How Does Moving a Magnet Near a Coil Demonstrate Lenz's Law?

[UrbanXrisis]

In physics class today, we did a project that I don't quite understand. We layed a small 50-turn coil flat on the table and held a magnet in a vertical position near the coil. We had the Galvanometer hooked up to make a clockwise current. The class then moved the magnet close to the coil and observed the current. Then moved the magnet away. We needed to conclude the generation of a current as a function of the magnet motion. Anyone explain to me what the purpose of this experiment was?

 

[Doc Al]

You've just demonstrated that a changing magnetic field creates an electric field. (It's the electric field that creates the current.)

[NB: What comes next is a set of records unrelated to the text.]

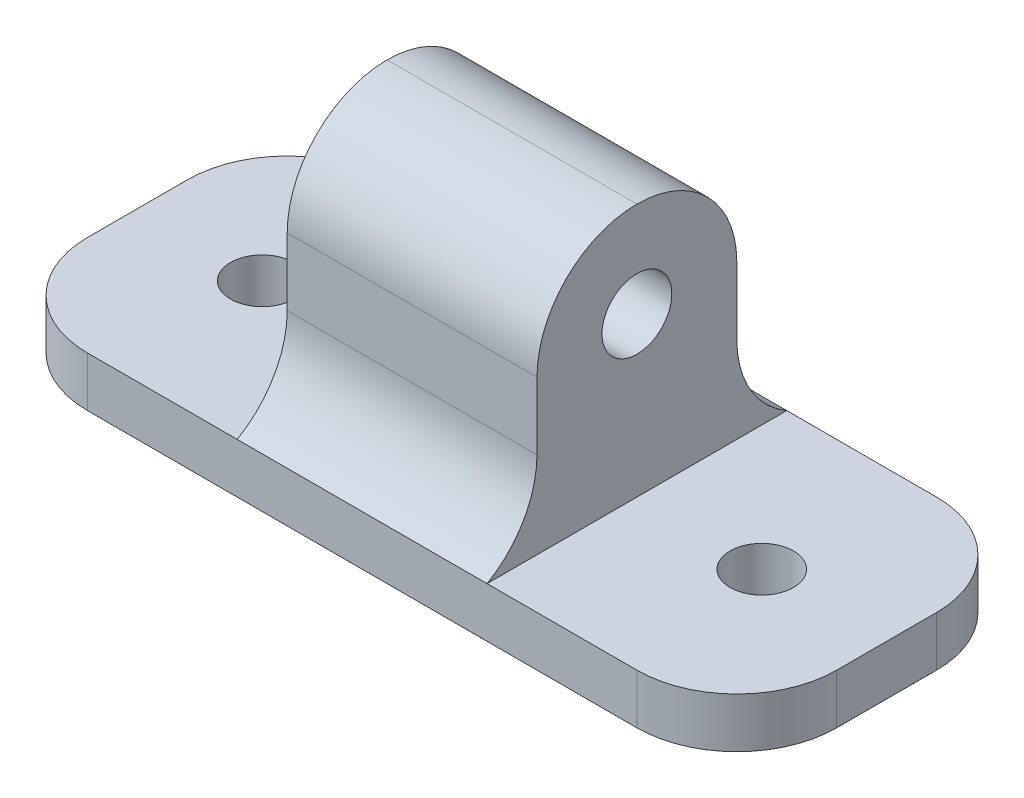
ISO-10303-21;
HEADER;
FILE_DESCRIPTION(('STEP AP214'),'2;1');
FILE_NAME('part.step','',(''),(''),'','','');
FILE_SCHEMA(('AUTOMOTIVE_DESIGN { 1 0 10303 214 1 1 1 1 }'));
ENDSEC;
DATA;
#1=APPLICATION_CONTEXT('core data for automotive mechanical design processes');
#2=APPLICATION_PROTOCOL_DEFINITION('international standard','automotive_design',2000,#1);
#3=PRODUCT_CONTEXT('',#1,'mechanical');
#4=PRODUCT('Part','Part','',(#3));
#5=PRODUCT_RELATED_PRODUCT_CATEGORY('part','',(#4));
#6=PRODUCT_DEFINITION_FORMATION('','',#4);
#7=PRODUCT_DEFINITION_CONTEXT('part definition',#1,'design');
#8=PRODUCT_DEFINITION('design','',#6,#7);
#9=PRODUCT_DEFINITION_SHAPE('','',#8);
#10=(LENGTH_UNIT() NAMED_UNIT(*) SI_UNIT(.MILLI.,.METRE.));
#11=(NAMED_UNIT(*) PLANE_ANGLE_UNIT() SI_UNIT($,.RADIAN.));
#12=(NAMED_UNIT(*) SI_UNIT($,.STERADIAN.) SOLID_ANGLE_UNIT());
#13=UNCERTAINTY_MEASURE_WITH_UNIT(LENGTH_MEASURE(1.E-05),#10,'distance_accuracy_value','');
#14=(GEOMETRIC_REPRESENTATION_CONTEXT(3) GLOBAL_UNCERTAINTY_ASSIGNED_CONTEXT((#13)) GLOBAL_UNIT_ASSIGNED_CONTEXT((#10,
#11,#12)) REPRESENTATION_CONTEXT('',''));
#15=CARTESIAN_POINT('',(0.,0.,0.));
#16=DIRECTION('',(0.,0.,1.));
#17=DIRECTION('',(1.,0.,0.));
#18=AXIS2_PLACEMENT_3D('',#15,#16,#17);
#19=CARTESIAN_POINT('',(0.,5.,0.));
#20=DIRECTION('',(0.,-1.,0.));
#21=DIRECTION('',(0.,0.,-1.));
#22=AXIS2_PLACEMENT_3D('',#19,#20,#21);
#23=PLANE('',#22);
#24=CARTESIAN_POINT('',(25.,5.,0.));
#25=DIRECTION('',(0.,1.,0.));
#26=DIRECTION('',(0.,0.,1.));
#27=AXIS2_PLACEMENT_3D('',#24,#25,#26);
#28=CIRCLE('',#27,3.17499999999999);
#29=CARTESIAN_POINT('',(25.,5.,3.17499999999999));
#30=VERTEX_POINT('',#29);
#31=EDGE_CURVE('E281',#30,#30,#28,.T.);
#32=ORIENTED_EDGE('',*,*,#31,.F.);
#33=EDGE_LOOP('',(#32));
#34=FACE_BOUND('',#33,.T.);
#35=DIRECTION('',(0.,0.,-1.));
#36=VECTOR('',#35,1.);
#37=CARTESIAN_POINT('',(12.5,5.,10.));
#38=LINE('',#37,#36);
#39=CARTESIAN_POINT('',(12.5,5.,15.));
#40=VERTEX_POINT('',#39);
#41=CARTESIAN_POINT('',(12.5,5.,-15.));
#42=VERTEX_POINT('',#41);
#43=EDGE_CURVE('E181',#40,#42,#38,.T.);
#44=ORIENTED_EDGE('',*,*,#43,.F.);
#45=DIRECTION('',(1.,0.,0.));
#46=VECTOR('',#45,1.);
#47=CARTESIAN_POINT('',(-37.5,5.,15.));
#48=LINE('',#47,#46);
#49=CARTESIAN_POINT('',(27.5,5.,15.));
#50=VERTEX_POINT('',#49);
#51=EDGE_CURVE('E255',#40,#50,#48,.T.);
#52=ORIENTED_EDGE('',*,*,#51,.T.);
#53=CARTESIAN_POINT('',(27.5,5.,5.));
#54=DIRECTION('',(0.,-1.,0.));
#55=DIRECTION('',(0.,0.,-1.));
#56=AXIS2_PLACEMENT_3D('',#53,#54,#55);
#57=CIRCLE('',#56,10.);
#58=CARTESIAN_POINT('',(37.5,5.,5.));
#59=VERTEX_POINT('',#58);
#60=EDGE_CURVE('E194',#50,#59,#57,.F.);
#61=ORIENTED_EDGE('',*,*,#60,.T.);
#62=DIRECTION('',(0.,0.,-1.));
#63=VECTOR('',#62,1.);
#64=CARTESIAN_POINT('',(37.5,5.,15.));
#65=LINE('',#64,#63);
#66=CARTESIAN_POINT('',(37.5,5.,-5.));
#67=VERTEX_POINT('',#66);
#68=EDGE_CURVE('E172',#59,#67,#65,.T.);
#69=ORIENTED_EDGE('',*,*,#68,.T.);
#70=CARTESIAN_POINT('',(27.5,5.,-5.));
#71=DIRECTION('',(0.,-1.,0.));
#72=DIRECTION('',(0.,0.,-1.));
#73=AXIS2_PLACEMENT_3D('',#70,#71,#72);
#74=CIRCLE('',#73,10.);
#75=CARTESIAN_POINT('',(27.5,5.,-15.));
#76=VERTEX_POINT('',#75);
#77=EDGE_CURVE('E192',#67,#76,#74,.F.);
#78=ORIENTED_EDGE('',*,*,#77,.T.);
#79=DIRECTION('',(-1.,0.,0.));
#80=VECTOR('',#79,1.);
#81=CARTESIAN_POINT('',(-37.5,5.,-15.));
#82=LINE('',#81,#80);
#83=EDGE_CURVE('E248',#76,#42,#82,.T.);
#84=ORIENTED_EDGE('',*,*,#83,.T.);
#85=EDGE_LOOP('',(#44,#52,#61,#69,#78,#84));
#86=FACE_BOUND('',#85,.T.);
#87=ADVANCED_FACE('F33',(#34,#86),#23,.F.);
#88=CARTESIAN_POINT('',(-25.,5.,0.));
#89=DIRECTION('',(0.,1.,0.));
#90=DIRECTION('',(0.,0.,1.));
#91=AXIS2_PLACEMENT_3D('',#88,#89,#90);
#92=CIRCLE('',#91,3.17499999999999);
#93=CARTESIAN_POINT('',(-25.,5.,3.17499999999999));
#94=VERTEX_POINT('',#93);
#95=EDGE_CURVE('E287',#94,#94,#92,.T.);
#96=ORIENTED_EDGE('',*,*,#95,.F.);
#97=EDGE_LOOP('',(#96));
#98=FACE_BOUND('',#97,.T.);
#99=CARTESIAN_POINT('',(-12.5,5.,-15.));
#100=VERTEX_POINT('',#99);
#101=CARTESIAN_POINT('',(-27.5,5.,-15.));
#102=VERTEX_POINT('',#101);
#103=EDGE_CURVE('E241',#100,#102,#82,.T.);
#104=ORIENTED_EDGE('',*,*,#103,.T.);
#105=CARTESIAN_POINT('',(-27.5,5.,-5.));
#106=DIRECTION('',(0.,-1.,0.));
#107=DIRECTION('',(0.,0.,-1.));
#108=AXIS2_PLACEMENT_3D('',#105,#106,#107);
#109=CIRCLE('',#108,10.);
#110=CARTESIAN_POINT('',(-37.5,5.,-5.));
#111=VERTEX_POINT('',#110);
#112=EDGE_CURVE('E198',#102,#111,#109,.F.);
#113=ORIENTED_EDGE('',*,*,#112,.T.);
#114=DIRECTION('',(0.,0.,1.));
#115=VECTOR('',#114,1.);
#116=CARTESIAN_POINT('',(-37.5,5.,15.));
#117=LINE('',#116,#115);
#118=CARTESIAN_POINT('',(-37.5,5.,5.));
#119=VERTEX_POINT('',#118);
#120=EDGE_CURVE('E162',#111,#119,#117,.T.);
#121=ORIENTED_EDGE('',*,*,#120,.T.);
#122=CARTESIAN_POINT('',(-27.5,5.,5.));
#123=DIRECTION('',(0.,-1.,0.));
#124=DIRECTION('',(0.,0.,-1.));
#125=AXIS2_PLACEMENT_3D('',#122,#123,#124);
#126=CIRCLE('',#125,10.);
#127=CARTESIAN_POINT('',(-27.5,5.,15.));
#128=VERTEX_POINT('',#127);
#129=EDGE_CURVE('E196',#119,#128,#126,.F.);
#130=ORIENTED_EDGE('',*,*,#129,.T.);
#131=CARTESIAN_POINT('',(-12.5,5.,15.));
#132=VERTEX_POINT('',#131);
#133=EDGE_CURVE('E183',#128,#132,#48,.T.);
#134=ORIENTED_EDGE('',*,*,#133,.T.);
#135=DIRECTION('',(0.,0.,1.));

Some things you may have noted: Current only exists when the magnet is moving--a stationary magnetic field does not create an EMF. The direction of the current (clockwise versus counter-clockwise) is different when you move the magnet toward the coil versus away from the coil.

 

[UrbanXrisis]

I noticed that when I moved the magnet away, it produced a negative chage and a positive charge when I moved it closer. What does that signify?

 

[Doc Al]

Lenz's Law

I noticed that when I moved the magnet away, it produced a negative chage and a positive charge when I moved it closer. What does that signify?

You mean current, not charge. Move the magnet one way, you get one EMF; move it the opposite way, the EMF is reversed. Reverse the EMF and the current is reversed as well.

The induced EMF creates a current, which in turn creates another magnetic field. (Moving charges--current--create a magnetic field, right?) One thing to point out is that the induced current always creates a field that opposes any change to the field that the moving magnet is creating. Let's say you move the north pole of the magnetic towards the center of the coil, thus trying to increase the field going into the coil. The induced current will then respond to create a magnetic field opposing that of the magnet. When you pull the magnet away, the opposite occurs: you are reducing the field, so the induced current tries to increase it. This is called Lenz's Law.

Lenz's law is a consequence of conservation of energy--you have to push or pull the magnet--it takes energy to induce a field.